Global Filter Networks for Image Classification
Created by Yongming Rao, Wenliang Zhao, Zheng Zhu, Jiwen Lu, Jie Zhou
This repository contains PyTorch implementation for GFNet.
Global Filter Networks is a transformer-style architecture that learns long-term spatial dependencies in the frequency domain with log-linear complexity.
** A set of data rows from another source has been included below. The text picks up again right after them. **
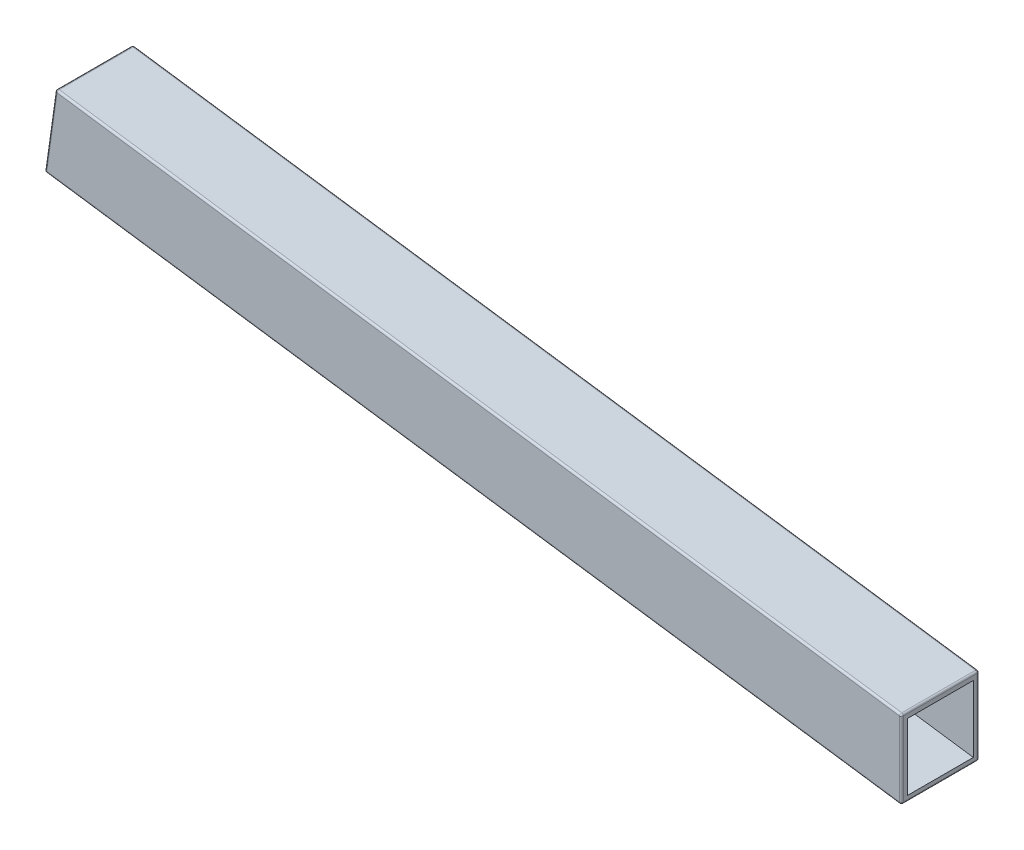
ISO-10303-21;
HEADER;
FILE_DESCRIPTION(('STEP AP214'),'2;1');
FILE_NAME('part.step','',(''),(''),'','','');
FILE_SCHEMA(('AUTOMOTIVE_DESIGN { 1 0 10303 214 1 1 1 1 }'));
ENDSEC;
DATA;
#1=APPLICATION_CONTEXT('core data for automotive mechanical design processes');
#2=APPLICATION_PROTOCOL_DEFINITION('international standard','automotive_design',2000,#1);
#3=PRODUCT_CONTEXT('',#1,'mechanical');
#4=PRODUCT('Part','Part','',(#3));
#5=PRODUCT_RELATED_PRODUCT_CATEGORY('part','',(#4));
#6=PRODUCT_DEFINITION_FORMATION('','',#4);
#7=PRODUCT_DEFINITION_CONTEXT('part definition',#1,'design');
#8=PRODUCT_DEFINITION('design','',#6,#7);
#9=PRODUCT_DEFINITION_SHAPE('','',#8);
#10=(LENGTH_UNIT() NAMED_UNIT(*) SI_UNIT(.MILLI.,.METRE.));
#11=(NAMED_UNIT(*) PLANE_ANGLE_UNIT() SI_UNIT($,.RADIAN.));
#12=(NAMED_UNIT(*) SI_UNIT($,.STERADIAN.) SOLID_ANGLE_UNIT());
#13=UNCERTAINTY_MEASURE_WITH_UNIT(LENGTH_MEASURE(1.E-05),#10,'distance_accuracy_value','');
#14=(GEOMETRIC_REPRESENTATION_CONTEXT(3) GLOBAL_UNCERTAINTY_ASSIGNED_CONTEXT((#13)) GLOBAL_UNIT_ASSIGNED_CONTEXT((#10,
#11,#12)) REPRESENTATION_CONTEXT('',''));
#15=CARTESIAN_POINT('',(0.,0.,0.));
#16=DIRECTION('',(0.,0.,1.));
#17=DIRECTION('',(1.,0.,0.));
#18=AXIS2_PLACEMENT_3D('',#15,#16,#17);
#19=CARTESIAN_POINT('',(0.,40.3931029007447,40.));
#20=DIRECTION('',(-1.,0.,0.));
#21=DIRECTION('',(0.,-1.,0.));
#22=AXIS2_PLACEMENT_3D('',#19,#20,#21);
#23=PLANE('',#22);
#24=DIRECTION('',(0.,1.,0.));
#25=VECTOR('',#24,1.);
#26=CARTESIAN_POINT('',(0.,40.3931029007447,39.));
#27=LINE('',#26,#25);
#28=CARTESIAN_POINT('',(0.,39.5238161629285,39.));
#29=VERTEX_POINT('',#28);
#30=CARTESIAN_POINT('',(0.,1.15036840722101,39.));
#31=VERTEX_POINT('',#30);
#32=EDGE_CURVE('E213',#29,#31,#27,.F.);
#33=ORIENTED_EDGE('',*,*,#32,.T.);
#34=DIRECTION('',(0.,0.,-1.));
#35=VECTOR('',#34,1.);
#36=CARTESIAN_POINT('',(0.,1.15036840722101,40.));
#37=LINE('',#36,#35);
#38=CARTESIAN_POINT('',(0.,1.15036840722101,1.));
#39=VERTEX_POINT('',#38);
#40=EDGE_CURVE('E219',#31,#39,#37,.T.);
#41=ORIENTED_EDGE('',*,*,#40,.T.);
#42=DIRECTION('',(0.,1.,0.));
#43=VECTOR('',#42,1.);
#44=CARTESIAN_POINT('',(0.,40.3931029007447,1.));
#45=LINE('',#44,#43);
#46=CARTESIAN_POINT('',(0.,39.5238161629285,1.));
#47=VERTEX_POINT('',#46);
#48=EDGE_CURVE('E217',#39,#47,#45,.T.);
#49=ORIENTED_EDGE('',*,*,#48,.T.);
#50=DIRECTION('',(0.,0.,-1.));
#51=VECTOR('',#50,1.);
#52=CARTESIAN_POINT('',(0.,39.5238161629285,40.));
#53=LINE('',#52,#51);
#54=EDGE_CURVE('E215',#47,#29,#53,.F.);
#55=ORIENTED_EDGE('',*,*,#54,.T.);
#56=EDGE_LOOP('',(#33,#41,#49,#55));
#57=FACE_BOUND('',#56,.T.);
#58=DIRECTION('',(0.,0.,-1.));
#59=VECTOR('',#58,1.);
#60=CARTESIAN_POINT('',(0.,37.3636201831886,40.));
#61=LINE('',#60,#59);
#62=CARTESIAN_POINT('',(0.,37.3636201831886,37.));
#63=VERTEX_POINT('',#62);
#64=CARTESIAN_POINT('',(0.,37.3636201831886,3.));
#65=VERTEX_POINT('',#64);
#66=EDGE_CURVE('E189',#63,#65,#61,.T.);
#67=ORIENTED_EDGE('',*,*,#66,.T.);
#68=DIRECTION('',(0.,-1.,0.));
#69=VECTOR('',#68,1.);
#70=CARTESIAN_POINT('',(0.,40.3931029007447,3.));
#71=LINE('',#70,#69);
#72=CARTESIAN_POINT('',(0.,3.02948271755558,3.));
#73=VERTEX_POINT('',#72);
#74=EDGE_CURVE('E192',#65,#73,#71,.T.);
#75=ORIENTED_EDGE('',*,*,#74,.T.);
#76=DIRECTION('',(0.,0.,1.));
#77=VECTOR('',#76,1.);
#78=CARTESIAN_POINT('',(0.,3.02948271755557,40.));
#79=LINE('',#78,#77);
#80=CARTESIAN_POINT('',(0.,3.02948271755557,37.));
#81=VERTEX_POINT('',#80);
#82=EDGE_CURVE('E184',#73,#81,#79,.T.);
#83=ORIENTED_EDGE('',*,*,#82,.T.);
#84=DIRECTION('',(0.,1.,0.));
#85=VECTOR('',#84,1.);
#86=CARTESIAN_POINT('',(0.,40.3931029007447,37.));
#87=LINE('',#86,#85);
#88=EDGE_CURVE('E160',#81,#63,#87,.T.);
#89=ORIENTED_EDGE('',*,*,#88,.T.);
#90=EDGE_LOOP('',(#67,#75,#83,#89));
#91=FACE_BOUND('',#90,.T.);
#92=ADVANCED_FACE('F39',(#57,#91),#23,.F.);
#93=CARTESIAN_POINT('',(-435.717950246291,101.629267323174,40.));
#94=DIRECTION('',(-0.139173100960065,-0.99026806874157,0.));
#95=DIRECTION('',(0.99026806874157,-0.139173100960065,0.));
#96=AXIS2_PLACEMENT_3D('',#93,#94,#95);
#97=PLANE('',#96);
#98=DIRECTION('',(0.,0.,-1.));
#99=VECTOR('',#98,1.);
#100=CARTESIAN_POINT('',(-0.860826899039935,40.5140842316701,40.));
#101=LINE('',#100,#99);
#102=CARTESIAN_POINT('',(-0.860826899039935,40.5140842316701,39.));
#103=VERTEX_POINT('',#102);
#104=CARTESIAN_POINT('',(-0.860826899039935,40.5140842316701,1.));
#105=VERTEX_POINT('',#104);
#106=EDGE_CURVE('E235',#103,#105,#101,.T.);
#107=ORIENTED_EDGE('',*,*,#106,.T.);
#108=DIRECTION('',(-0.99026806874157,0.139173100960065,0.));
#109=VECTOR('',#108,1.);
#110=CARTESIAN_POINT('',(-435.717950246291,101.629267323174,1.));
#111=LINE('',#110,#109);
#112=CARTESIAN_POINT('',(-434.727682177549,101.490094222213,1.));
#113=VERTEX_POINT('',#112);
#114=EDGE_CURVE('E238',#105,#113,#111,.T.);
#115=ORIENTED_EDGE('',*,*,#114,.T.);
#116=DIRECTION('',(0.,0.,-1.));
#117=VECTOR('',#116,1.);
#118=CARTESIAN_POINT('',(-434.727682177549,101.490094222213,40.));
#119=LINE('',#118,#117);
#120=CARTESIAN_POINT('',(-434.727682177549,101.490094222213,39.));
#121=VERTEX_POINT('',#120);
#122=EDGE_CURVE('E233',#113,#121,#119,.F.);
#123=ORIENTED_EDGE('',*,*,#122,.T.);
#124=DIRECTION('',(-0.99026806874157,0.139173100960065,0.));
#125=VECTOR('',#124,1.);
#126=CARTESIAN_POINT('',(-435.717950246291,101.629267323174,39.));
#127=LINE('',#126,#125);
#128=EDGE_CURVE('E231',#121,#103,#127,.F.);
#129=ORIENTED_EDGE('',*,*,#128,.T.);
#130=EDGE_LOOP('',(#107,#115,#123,#129));
#131=FACE_BOUND('',#130,.T.);
#132=ADVANCED_FACE('F322',(#131),#97,.F.);
#133=CARTESIAN_POINT('',(-441.284874284694,62.0185445735107,40.));
#134=DIRECTION('',(0.99026806874157,-0.139173100960066,0.));
#135=DIRECTION('',(0.139173100960066,0.99026806874157,0.));
#136=AXIS2_PLACEMENT_3D('',#133,#134,#135);
#137=PLANE('',#136);
#138=DIRECTION('',(-0.139173100960066,-0.99026806874157,0.));
#139=VECTOR('',#138,1.);
#140=CARTESIAN_POINT('',(-441.284874284694,62.0185445735107,1.));
#141=LINE('',#140,#139);
#142=CARTESIAN_POINT('',(-435.857123347251,100.638999254432,1.));
#143=VERTEX_POINT('',#142);
#144=CARTESIAN_POINT('',(-441.145701183733,63.0088126422523,1.));
#145=VERTEX_POINT('',#144);
#146=EDGE_CURVE('E208',#143,#145,#141,.T.);
#147=ORIENTED_EDGE('',*,*,#146,.T.);
#148=DIRECTION('',(0.,0.,-1.));
#149=VECTOR('',#148,1.);
#150=CARTESIAN_POINT('',(-441.145701183733,63.0088126422523,40.));
#151=LINE('',#150,#149);
#152=CARTESIAN_POINT('',(-441.145701183733,63.0088126422523,39.));
#153=VERTEX_POINT('',#152);
#154=EDGE_CURVE('E210',#145,#153,#151,.F.);
#155=ORIENTED_EDGE('',*,*,#154,.T.);
#156=DIRECTION('',(-0.139173100960066,-0.99026806874157,0.));
#157=VECTOR('',#156,1.);
#158=CARTESIAN_POINT('',(-441.284874284694,62.0185445735107,39.));
#159=LINE('',#158,#157);
#160=CARTESIAN_POINT('',(-435.857123347251,100.638999254432,39.));
#161=VERTEX_POINT('',#160);
#162=EDGE_CURVE('E204',#153,#161,#159,.F.);
#163=ORIENTED_EDGE('',*,*,#162,.T.);
#164=DIRECTION('',(0.,0.,-1.));
#165=VECTOR('',#164,1.);
#166=CARTESIAN_POINT('',(-435.857123347251,100.638999254432,40.));
#167=LINE('',#166,#165);
#168=EDGE_CURVE('E206',#161,#143,#167,.T.);
#169=ORIENTED_EDGE('',*,*,#168,.T.);
#170=EDGE_LOOP('',(#147,#155,#163,#169));
#171=FACE_BOUND('',#170,.T.);
#172=DIRECTION('',(0.,0.,1.));
#173=VECTOR('',#172,1.);
#174=CARTESIAN_POINT('',(-440.867354981813,64.9893487797355,37.));
#175=LINE('',#174,#173);
#176=CARTESIAN_POINT('',(-440.867354981813,64.9893487797355,3.));
#177=VERTEX_POINT('',#176);
#178=CARTESIAN_POINT('',(-440.867354981813,64.9893487797355,37.));
#179=VERTEX_POINT('',#178);
#180=EDGE_CURVE('E168',#177,#179,#175,.T.);
#181=ORIENTED_EDGE('',*,*,#180,.F.);
#182=DIRECTION('',(-0.139173100960066,-0.99026806874157,0.));
#183=VECTOR('',#182,1.);
#184=CARTESIAN_POINT('',(-440.867354981813,64.9893487797355,3.));
#185=LINE('',#184,#183);
#186=CARTESIAN_POINT('',(-436.135469549171,98.6584631169489,3.));
#187=VERTEX_POINT('',#186);
#188=EDGE_CURVE('E173',#187,#177,#185,.T.);
#189=ORIENTED_EDGE('',*,*,#188,.F.);
#190=DIRECTION('',(0.,0.,-1.));
#191=VECTOR('',#190,1.);
#192=CARTESIAN_POINT('',(-436.135469549171,98.6584631169489,3.));
#193=LINE('',#192,#191);
#194=CARTESIAN_POINT('',(-436.135469549171,98.6584631169489,37.));
#195=VERTEX_POINT('',#194);
#196=EDGE_CURVE('E177',#195,#187,#193,.T.);
#197=ORIENTED_EDGE('',*,*,#196,.F.);
#198=DIRECTION('',(0.139173100960066,0.99026806874157,0.));
#199=VECTOR('',#198,1.);
#200=CARTESIAN_POINT('',(-436.135469549171,98.6584631169489,37.));
#201=LINE('',#200,#199);
#202=EDGE_CURVE('E157',#179,#195,#201,.T.);
#203=ORIENTED_EDGE('',*,*,#202,.F.);
#204=EDGE_LOOP('',(#181,#189,#197,#203));
#205=FACE_BOUND('',#204,.T.);
#206=ADVANCED_FACE('F175',(#171,#205),#137,.F.);
#207=CARTESIAN_POINT('',(0.,0.,40.));
#208=DIRECTION('',(0.139173100960065,0.99026806874157,0.));
#209=DIRECTION('',(-0.99026806874157,0.139173100960065,0.));
#210=AXIS2_PLACEMENT_3D('',#207,#208,#209);
#211=PLANE('',#210);
#212=DIRECTION('',(0.,0.,-1.));
#213=VECTOR('',#212,1.);
#214=CARTESIAN_POINT('',(-440.294606215952,61.8793714725506,40.));
#215=LINE('',#214,#213);
#216=CARTESIAN_POINT('',(-440.294606215952,61.8793714725506,39.));
#217=VERTEX_POINT('',#216);
#218=CARTESIAN_POINT('',(-440.294606215952,61.8793714725506,1.));
#219=VERTEX_POINT('',#218);
#220=EDGE_CURVE('E199',#217,#219,#215,.T.);
#221=ORIENTED_EDGE('',*,*,#220,.T.);
#222=DIRECTION('',(0.99026806874157,-0.139173100960065,0.));
#223=VECTOR('',#222,1.);
#224=CARTESIAN_POINT('',(0.,0.,1.));
#225=LINE('',#224,#223);
#226=CARTESIAN_POINT('',(-1.13917310096006,0.160100338479439,1.));
#227=VERTEX_POINT('',#226);
#228=EDGE_CURVE('E202',#219,#227,#225,.T.);
#229=ORIENTED_EDGE('',*,*,#228,.T.);
#230=DIRECTION('',(0.,0.,-1.));
#231=VECTOR('',#230,1.);
#232=CARTESIAN_POINT('',(-1.13917310096006,0.160100338479439,40.));
#233=LINE('',#232,#231);
#234=CARTESIAN_POINT('',(-1.13917310096006,0.160100338479439,39.));
#235=VERTEX_POINT('',#234);
#236=EDGE_CURVE('E197',#227,#235,#233,.F.);
#237=ORIENTED_EDGE('',*,*,#236,.T.);
#238=DIRECTION('',(0.99026806874157,-0.139173100960065,0.));
#239=VECTOR('',#238,1.);
#240=CARTESIAN_POINT('',(0.,0.,39.));
#241=LINE('',#240,#239);
#242=EDGE_CURVE('E195',#235,#217,#241,.F.);
#243=ORIENTED_EDGE('',*,*,#242,.T.);
#244=EDGE_LOOP('',(#221,#229,#237,#243));
#245=FACE_BOUND('',#244,.T.);
#246=ADVANCED_FACE('F438',(#245),#211,.F.);
#247=CARTESIAN_POINT('',(0.,0.,40.));
#248=DIRECTION('',(0.,0.,-1.));
#249=DIRECTION('',(-1.,0.,0.));
#250=AXIS2_PLACEMENT_3D('',#247,#248,#249);
#251=PLANE('',#250);
#252=DIRECTION('',(-0.139173100960066,-0.99026806874157,0.));
#253=VECTOR('',#252,1.);
#254=CARTESIAN_POINT('',(-440.294606215952,61.8793714725509,40.));
#255=LINE('',#254,#253);
#256=CARTESIAN_POINT('',(-434.866855278509,100.499826153472,40.));
#257=VERTEX_POINT('',#256);
#258=CARTESIAN_POINT('',(-440.155433114992,62.8696395412922,40.));
#259=VERTEX_POINT('',#258);
#260=EDGE_CURVE('E48',#257,#259,#255,.T.);
#261=ORIENTED_EDGE('',*,*,#260,.T.);
#262=DIRECTION('',(0.99026806874157,-0.139173100960065,0.));
#263=VECTOR('',#262,1.);
#264=CARTESIAN_POINT('',(0.139173100960065,0.99026806874157,40.));
#265=LINE('',#264,#263);
#266=CARTESIAN_POINT('',(-1.,1.15036840722101,40.));
#267=VERTEX_POINT('',#266);
#268=EDGE_CURVE('E11',#259,#267,#265,.T.);
#269=ORIENTED_EDGE('',*,*,#268,.T.);
#270=DIRECTION('',(0.,1.,0.));
#271=VECTOR('',#270,1.);
#272=CARTESIAN_POINT('',(-1.,0.,40.));
#273=LINE('',#272,#271);
#274=CARTESIAN_POINT('',(-1.,39.5238161629285,40.));
#275=VERTEX_POINT('',#274);
#276=EDGE_CURVE('E240',#267,#275,#273,.T.);
#277=ORIENTED_EDGE('',*,*,#276,.T.);
#278=DIRECTION('',(-0.99026806874157,0.139173100960065,0.));
#279=VECTOR('',#278,1.);
#280=CARTESIAN_POINT('',(5.42775093744255,38.6204546809213,40.));
#281=LINE('',#280,#279);
#282=EDGE_CURVE('E59',#275,#257,#281,.T.);
#283=ORIENTED_EDGE('',*,*,#282,.T.);
#284=EDGE_LOOP('',(#261,#269,#277,#283));
#285=FACE_BOUND('',#284,.T.);
#286=ADVANCED_FACE('F435',(#285),#251,.F.);
#287=CARTESIAN_POINT('',(0.,0.,0.));
#288=DIRECTION('',(0.,0.,-1.));
#289=DIRECTION('',(-1.,0.,0.));
#290=AXIS2_PLACEMENT_3D('',#287,#288,#289);
#291=PLANE('',#290);
#292=DIRECTION('',(0.99026806874157,-0.139173100960065,0.));
#293=VECTOR('',#292,1.);
#294=CARTESIAN_POINT('',(-441.145701183734,63.0088126422523,0.));
#295=LINE('',#294,#293);
#296=CARTESIAN_POINT('',(-1.,1.150368407221,0.));
#297=VERTEX_POINT('',#296);
#298=CARTESIAN_POINT('',(-440.155433114992,62.8696395412922,0.));
#299=VERTEX_POINT('',#298);
#300=EDGE_CURVE('E226',#297,#299,#295,.F.);
#301=ORIENTED_EDGE('',*,*,#300,.T.);
#302=DIRECTION('',(-0.139173100960066,-0.99026806874157,0.));
#303=VECTOR('',#302,1.);
#304=CARTESIAN_POINT('',(-434.727682177549,101.490094222213,0.));
#305=LINE('',#304,#303);
#306=CARTESIAN_POINT('',(-434.866855278509,100.499826153472,0.));
#307=VERTEX_POINT('',#306);
#308=EDGE_CURVE('E228',#299,#307,#305,.F.);
#309=ORIENTED_EDGE('',*,*,#308,.T.);
#310=DIRECTION('',(-0.99026806874157,0.139173100960065,0.));
#311=VECTOR('',#310,1.);
#312=CARTESIAN_POINT('',(-0.139173100959955,39.4028348320032,0.));
#313=LINE('',#312,#311);
#314=CARTESIAN_POINT('',(-1.,39.5238161629285,0.));
#315=VERTEX_POINT('',#314);
#316=EDGE_CURVE('E222',#307,#315,#313,.F.);
#317=ORIENTED_EDGE('',*,*,#316,.T.);
#318=DIRECTION('',(0.,1.,0.));
#319=VECTOR('',#318,1.);
#320=CARTESIAN_POINT('',(-1.,0.,0.));
#321=LINE('',#320,#319);
#322=EDGE_CURVE('E224',#315,#297,#321,.F.);
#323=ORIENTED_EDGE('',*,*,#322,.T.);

Our architecture replaces the self-attention layer in vision transformers with three key operations: a 2D discrete Fourier transform, an element-wise multiplication between frequency-domain features and learnable global filters, and a 2D inverse Fourier transform.
Our code is based on pytorch-image-models and DeiT.
Global Filter Layer
GFNet is a conceptually simple yet computationally efficient architecture, which consists of several stacking Global Filter Layers and Feedforward Networks (FFN). The Global Filter Layer mixes tokens with log-linear complexity benefiting from the highly efficient Fast Fourier Transform (FFT) algorithm. The layer is easy to implement:
import torch
import torch.nn as nn
import torch.fft
class GlobalFilter(nn.Module):
def __init__(self, dim, h=14, w=8):
super().__init__()
self.complex_weight = nn.Parameter(torch.randn(h, w, dim, 2, dtype=torch.float32) * 0.02)
self.w = w
self.h = h
def forward(self, x):
B, H, W, C = x.shape
x = torch.fft.rfft2(x, dim=(1, 2), norm='ortho')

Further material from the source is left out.